Data records:
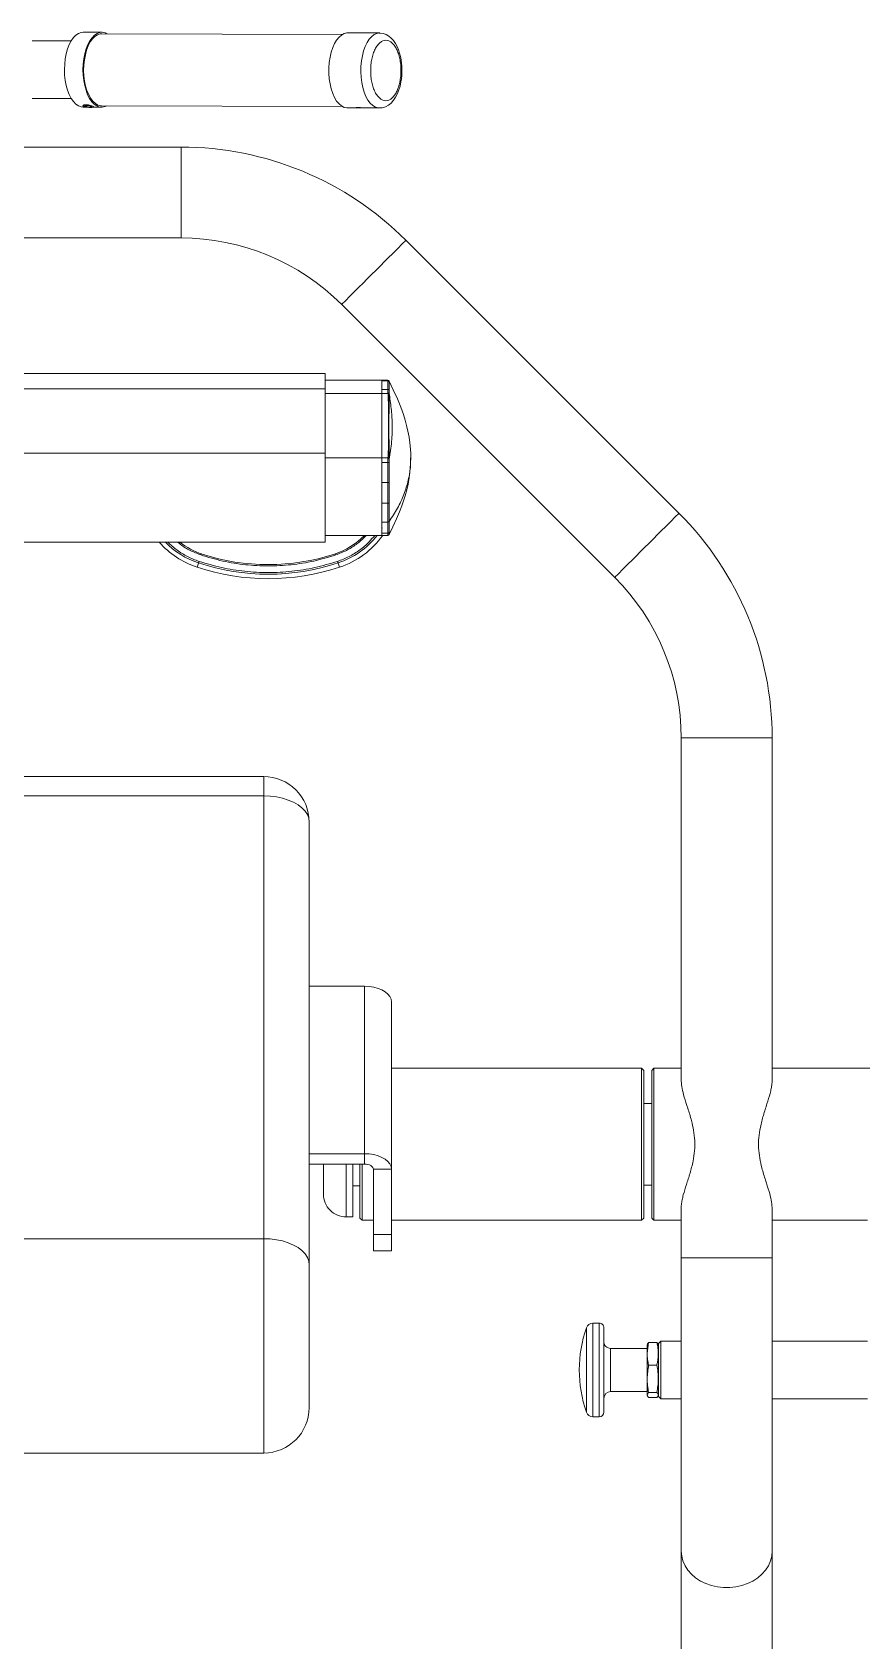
# Model space of a CAD drawing. Extents: x -32840 to 422982, y 280745 to 888746.
# Drawn here: x 86138 to 86497, y 816919 to 817617 of the extents above; entities that cross this region are included whole.
import ezdxf

# ---------------------------------------------------------------- set-up
doc = ezdxf.new("R2010")
doc.units = 0
doc.header["$LTSCALE"] = 1000
doc.layers.add('A-FUR', color=33, linetype='Continuous', plot=False, transparency=0.5)

# ---------------------------------------------------------------- blocks, each defined once
blk = doc.blocks.new('REC-GYM-08')
at = {"linetype": 'Continuous', "lineweight": 15}
for p, q in [((337.462, -692.006), (337.142, -692.005)), ((341.635, -692.043), (337.462, -692.031)), ((342.279, -692.019), (341.724, -692.018)), ((337.138, -693.305), (337.216, -693.305)), ((337.139, -693.278), (337.139, -693.279)), ((337.197, -693.275), (337.165, -693.282)), ((337.165, -693.282), (337.196, -693.296)), ((337.198, -693.276), (337.196, -693.296)), ((337.196, -693.296), (337.259, -693.303)), ((337.26, -693.283), (337.197, -693.275)), ((337.259, -693.303), (337.261, -693.283)), ((337.259, -693.303), (337.291, -693.297)), ((337.291, -693.297), (337.26, -693.283)), ((337.31, -693.305), (337.459, -693.306)), ((337.317, -693.3), (337.317, -693.298)), ((337.459, -693.281), (341.632, -693.293)), ((341.721, -693.318), (341.866, -693.318)), ((341.866, -693.317), (341.866, -693.318)), ((342.037, -693.319), (342.275, -693.319)), ((338.836, -693.997), (335.126, -693.997)), ((338.836, -695.572), (338.836, -693.997)), ((338.836, -695.572), (332.742, -695.572)), ((347.466, -700.344), (342.733, -695.611)), ((346.352, -701.457), (341.62, -696.725)), ((341.332, -697.922), (335.033, -697.922)), ((341.332, -698.187), (341.332, -697.922)), ((342.316, -698.04), (341.332, -698.04)), ((342.418, -698.04), (342.316, -698.04)), ((342.316, -698.271), (342.316, -698.04)), ((342.316, -698.051), (342.418, -698.051)), ((341.332, -698.187), (335.033, -698.187)), ((341.332, -699.301), (341.332, -698.187)), ((341.332, -698.271), (342.316, -698.271)), ((342.316, -698.202), (342.419, -698.202)), ((342.316, -699.384), (342.316, -698.271)), ((342.316, -698.271), (342.422, -698.271)), ((341.332, -699.301), (335.033, -699.301)), ((341.332, -700.846), (341.332, -699.301)), ((341.332, -699.384), (342.316, -699.384)), ((342.316, -700.728), (342.316, -699.384)), ((342.316, -699.384), (342.422, -699.384)), ((342.316, -699.463), (342.419, -699.463)), ((342.316, -699.811), (342.418, -699.811)), ((342.418, -699.811), (342.418, -699.811)), ((342.316, -700.173), (342.418, -700.173)), ((342.418, -700.173), (342.418, -700.173)), ((342.316, -700.498), (342.418, -700.498)), ((335.033, -700.846), (341.332, -700.846)), ((341.332, -700.728), (342.316, -700.728)), ((342.314, -700.614), (342.322, -700.6)), ((342.316, -700.693), (342.418, -700.693)), ((342.316, -700.728), (342.418, -700.728)), ((342.418, -700.693), (342.418, -700.693)), ((341.52, -701.067), (341.512, -701.043)), ((339.114, -701.281), (339.139, -701.208)), ((341.582, -701.281), (341.557, -701.208)), ((347.505, -704.241), (349.08, -704.241)), ((347.505, -704.241), (347.505, -710.19)), ((349.08, -704.241), (349.08, -710.19)), ((340.269, -704.91), (320.348, -704.91)), ((340.269, -705.246), (340.269, -704.91)), ((340.269, -705.246), (320.348, -705.246)), ((340.269, -712.922), (340.269, -705.246)), ((341.057, -705.698), (341.057, -713.373)), ((342.013, -708.546), (341.057, -708.546)), ((342.013, -708.546), (342.013, -711.448)), ((342.486, -708.817), (342.486, -711.719)), ((346.816, -709.965), (342.486, -709.965)), ((346.856, -710.005), (346.816, -709.965)), ((346.816, -710.567), (346.816, -709.965)), ((346.856, -710.005), (346.856, -710.589)), ((347.033, -709.965), (346.994, -710.005)), ((346.994, -712.564), (346.994, -710.005)), ((347.505, -709.965), (347.033, -709.965)), ((347.033, -709.965), (347.033, -712.603)), ((347.505, -709.936), (347.505, -709.965)), ((349.08, -709.936), (349.08, -709.965)), ((351.876, -709.965), (349.08, -709.965)), ((346.816, -712.603), (346.816, -710.567)), ((346.994, -710.576), (346.856, -710.576)), ((346.856, -710.589), (346.856, -712.564)), ((342.013, -711.448), (341.057, -711.448)), ((342.013, -711.629), (342.013, -711.448)), ((342.013, -711.629), (341.057, -711.629)), ((341.305, -711.629), (341.305, -712.15)), ((341.698, -711.629), (341.698, -712.544)), ((341.816, -711.629), (341.816, -712.544)), ((341.935, -712.564), (341.935, -711.629)), ((341.974, -711.629), (341.974, -712.603)), ((342.486, -711.719), (342.171, -711.719)), ((342.171, -712.848), (342.171, -711.719)), ((342.486, -712.848), (342.486, -711.719)), ((341.816, -712.003), (341.935, -712.003)), ((346.856, -711.993), (346.994, -711.993)), ((341.698, -712.544), (341.816, -712.544)), ((341.935, -712.564), (341.974, -712.603)), ((346.816, -712.603), (346.856, -712.564)), ((346.994, -712.564), (347.033, -712.603)), ((347.505, -713.253), (347.505, -712.379)), ((349.08, -713.253), (349.08, -712.379)), ((341.974, -712.603), (342.171, -712.603)), ((342.486, -712.603), (346.816, -712.603)), ((347.033, -712.603), (347.505, -712.603)), ((347.505, -712.603), (347.505, -712.633)), ((349.08, -712.603), (350.734, -712.603)), ((349.08, -712.603), (349.08, -712.633)), ((320.348, -712.922), (340.269, -712.922)), ((340.269, -716.639), (340.269, -712.922)), ((342.171, -712.848), (342.486, -712.848)), ((342.171, -713.133), (342.171, -712.848)), ((342.486, -712.848), (342.486, -713.133)), ((341.057, -713.373), (341.057, -715.851)), ((342.171, -713.133), (342.486, -713.133)), ((347.505, -713.253), (347.505, -718.338)), ((349.08, -713.253), (347.505, -713.253)), ((349.08, -713.253), (349.08, -718.338)), ((345.863, -715.298), (345.863, -714.466)), ((346.085, -714.387), (345.974, -714.387)), ((345.974, -714.387), (345.974, -715.308)), ((346.085, -715.308), (346.085, -714.387)), ((346.164, -714.466), (346.164, -715.298)), ((346.918, -714.751), (346.912, -714.768)), ((346.912, -714.924), (346.912, -714.768)), ((347.083, -714.722), (346.94, -714.722)), ((347.112, -714.768), (347.105, -714.75)), ((347.151, -714.698), (347.112, -714.737)), ((347.112, -715.658), (347.112, -714.737)), ((347.505, -714.698), (347.151, -714.698)), ((347.151, -714.698), (347.151, -715.698)), ((350.734, -714.698), (349.08, -714.698)), ((346.912, -714.824), (346.282, -714.824)), ((346.282, -714.824), (346.282, -715.249)), ((346.912, -715.628), (346.912, -714.924)), ((345.863, -715.93), (345.863, -715.298)), ((345.974, -715.308), (345.974, -716.009)), ((346.085, -716.009), (346.085, -715.308)), ((346.164, -715.298), (346.164, -715.93)), ((346.282, -715.249), (346.282, -715.572)), ((346.94, -715.113), (347.083, -715.113)), ((346.282, -715.572), (346.912, -715.572)), ((346.912, -715.628), (346.918, -715.645)), ((347.083, -715.589), (346.94, -715.589)), ((347.105, -715.646), (347.112, -715.628)), ((346.94, -715.674), (347.083, -715.674)), ((347.112, -715.658), (347.151, -715.698)), ((347.151, -715.698), (347.505, -715.698)), ((349.08, -715.698), (350.734, -715.698)), ((345.974, -716.009), (346.085, -716.009)), ((320.348, -716.639), (340.269, -716.639)), ((347.505, -718.338), (347.505, -722.153)), ((349.08, -718.338), (349.08, -722.153))]:
    blk.add_line(p, q, dxfattribs=at)
at = {"linetype": 'Continuous', "lineweight": 15, "flags": 128}
for points in [[(337.138, -693.305), (337.103, -693.301), (337.056, -693.283), (337.011, -693.253), (336.969, -693.209), (336.931, -693.154), (336.897, -693.088), (336.868, -693.012), (336.845, -692.93), (336.828, -692.841), (336.818, -692.748), (336.815, -692.654), (336.819, -692.559), (336.83, -692.466), (336.847, -692.378), (336.87, -692.295), (336.899, -692.22), (336.934, -692.154), (336.973, -692.099), (337.015, -692.056), (337.06, -692.026), (337.107, -692.009), (337.142, -692.005)], [(337.548, -693.281), (337.518, -693.295), (337.471, -693.305), (337.423, -693.302), (337.377, -693.284), (337.332, -693.253), (337.29, -693.21), (337.251, -693.155), (337.217, -693.089), (337.189, -693.013), (337.166, -692.931), (337.149, -692.842), (337.139, -692.749), (337.136, -692.655), (337.139, -692.56), (337.15, -692.467), (337.167, -692.379), (337.191, -692.296), (337.22, -692.221), (337.254, -692.155), (337.293, -692.1), (337.335, -692.057), (337.38, -692.027), (337.427, -692.009), (337.474, -692.006), (337.522, -692.017), (337.552, -692.031)], [(337.459, -693.281), (337.442, -693.28), (337.396, -693.268), (337.351, -693.242), (337.309, -693.203), (337.27, -693.152), (337.235, -693.09), (337.205, -693.018), (337.181, -692.938), (337.163, -692.852), (337.152, -692.761), (337.148, -692.668), (337.151, -692.575), (337.161, -692.483), (337.177, -692.396), (337.2, -692.314), (337.228, -692.24), (337.262, -692.175), (337.3, -692.121), (337.342, -692.078), (337.386, -692.049), (337.432, -692.033), (337.462, -692.031)], [(341.721, -693.318), (341.711, -693.317), (341.664, -693.308), (341.618, -693.284), (341.574, -693.247), (341.533, -693.198), (341.497, -693.138), (341.465, -693.067), (341.439, -692.988), (341.419, -692.903), (341.405, -692.812), (341.398, -692.718), (341.398, -692.623), (341.405, -692.529), (341.419, -692.438), (341.439, -692.352), (341.465, -692.273), (341.497, -692.202), (341.533, -692.141), (341.574, -692.091), (341.618, -692.054), (341.664, -692.029), (341.711, -692.018), (341.724, -692.018)], [(342.275, -693.319), (342.251, -693.318), (342.204, -693.304), (342.159, -693.276), (342.116, -693.235), (342.076, -693.183), (342.041, -693.119), (342.011, -693.046), (341.987, -692.965), (341.969, -692.878), (341.957, -692.786), (341.952, -692.692), (341.954, -692.597), (341.963, -692.503), (341.979, -692.414), (342.001, -692.329), (342.028, -692.252), (342.062, -692.184), (342.099, -692.126), (342.141, -692.08), (342.185, -692.047), (342.232, -692.026), (342.279, -692.019)], [(342.664, -692.671), (342.661, -692.581), (342.658, -692.545), (342.65, -692.486), (342.639, -692.428), (342.623, -692.368), (342.604, -692.309), (342.58, -692.252), (342.552, -692.199), (342.518, -692.151), (342.48, -692.108), (342.438, -692.073), (342.391, -692.045), (342.341, -692.027), (342.287, -692.02), (342.271, -692.021)], [(342.274, -693.319), (342.322, -693.315), (342.38, -693.298), (342.43, -693.271), (342.476, -693.233), (342.519, -693.185), (342.555, -693.13), (342.586, -693.069), (342.612, -693.005), (342.631, -692.939), (342.647, -692.866), (342.655, -692.811), (342.661, -692.76), (342.664, -692.671)], [(337.314, -693.302), (337.319, -693.301), (337.322, -693.297), (337.315, -693.292), (337.31, -693.29), (337.29, -693.282), (337.264, -693.274), (337.233, -693.267), (337.202, -693.263), (337.173, -693.262), (337.151, -693.265), (337.137, -693.271), (337.134, -693.279), (337.141, -693.287), (337.146, -693.289), (337.146, -693.289)], [(337.272, -693.309), (337.239, -693.308), (337.204, -693.303), (337.173, -693.297), (337.15, -693.289), (337.139, -693.282), (337.142, -693.275), (337.158, -693.271), (337.184, -693.27), (337.217, -693.271), (337.252, -693.276), (337.283, -693.282), (337.306, -693.29), (337.317, -693.297), (337.314, -693.303), (337.298, -693.308), (337.272, -693.309)], [(341.62, -696.725), (341.625, -696.72), (341.64, -696.704), (341.666, -696.679), (341.701, -696.644), (341.745, -696.6), (341.796, -696.548), (341.855, -696.489), (341.92, -696.424), (341.99, -696.355), (342.063, -696.281), (342.139, -696.206), (342.215, -696.13), (342.29, -696.055), (342.363, -695.982), (342.433, -695.912), (342.498, -695.847), (342.557, -695.788), (342.608, -695.736), (342.652, -695.692), (342.687, -695.657), (342.713, -695.632), (342.728, -695.616), (342.733, -695.611)], [(342.418, -698.051), (342.418, -698.051)], [(342.818, -699.384), (342.816, -699.307), (342.811, -699.232), (342.801, -699.126), (342.787, -699.024), (342.769, -698.922), (342.746, -698.821), (342.722, -698.731), (342.691, -698.632), (342.647, -698.508), (342.588, -698.363), (342.515, -698.203), (342.443, -698.056)], [(342.443, -700.712), (342.507, -700.582), (342.571, -700.443), (342.623, -700.321), (342.662, -700.219), (342.693, -700.13), (342.721, -700.042), (342.748, -699.939), (342.77, -699.84), (342.791, -699.723), (342.809, -699.571), (342.818, -699.384)], [(342.418, -700.498), (342.418, -700.498)], [(346.352, -701.457), (346.358, -701.452), (346.373, -701.437), (346.398, -701.411), (346.433, -701.376), (346.477, -701.333), (346.529, -701.281), (346.588, -701.222), (346.653, -701.157), (346.723, -701.087), (346.796, -701.014), (346.871, -700.939), (346.947, -700.863), (347.022, -700.787), (347.096, -700.714), (347.165, -700.645), (347.23, -700.58), (347.289, -700.521), (347.341, -700.469), (347.385, -700.425), (347.42, -700.39), (347.445, -700.365), (347.461, -700.349), (347.466, -700.344)], [(342.418, -700.727), (342.418, -700.727), (342.418, -700.701), (342.418, -700.693), (342.418, -700.693), (342.418, -700.693)], [(339.184, -701.043), (339.184, -701.043), (339.183, -701.047), (339.181, -701.051), (339.18, -701.056), (339.178, -701.061), (339.176, -701.067)], [(339.139, -701.208), (339.139, -701.207), (339.14, -701.204), (339.141, -701.202), (339.142, -701.198), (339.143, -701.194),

Assigned task: The expected answer is a copy of each line in the records that holds the word "blocks".

Solution to this task:
# ---------------------------------------------------------------- blocks, each defined once
blk = doc.blocks.new('REC-GYM-08')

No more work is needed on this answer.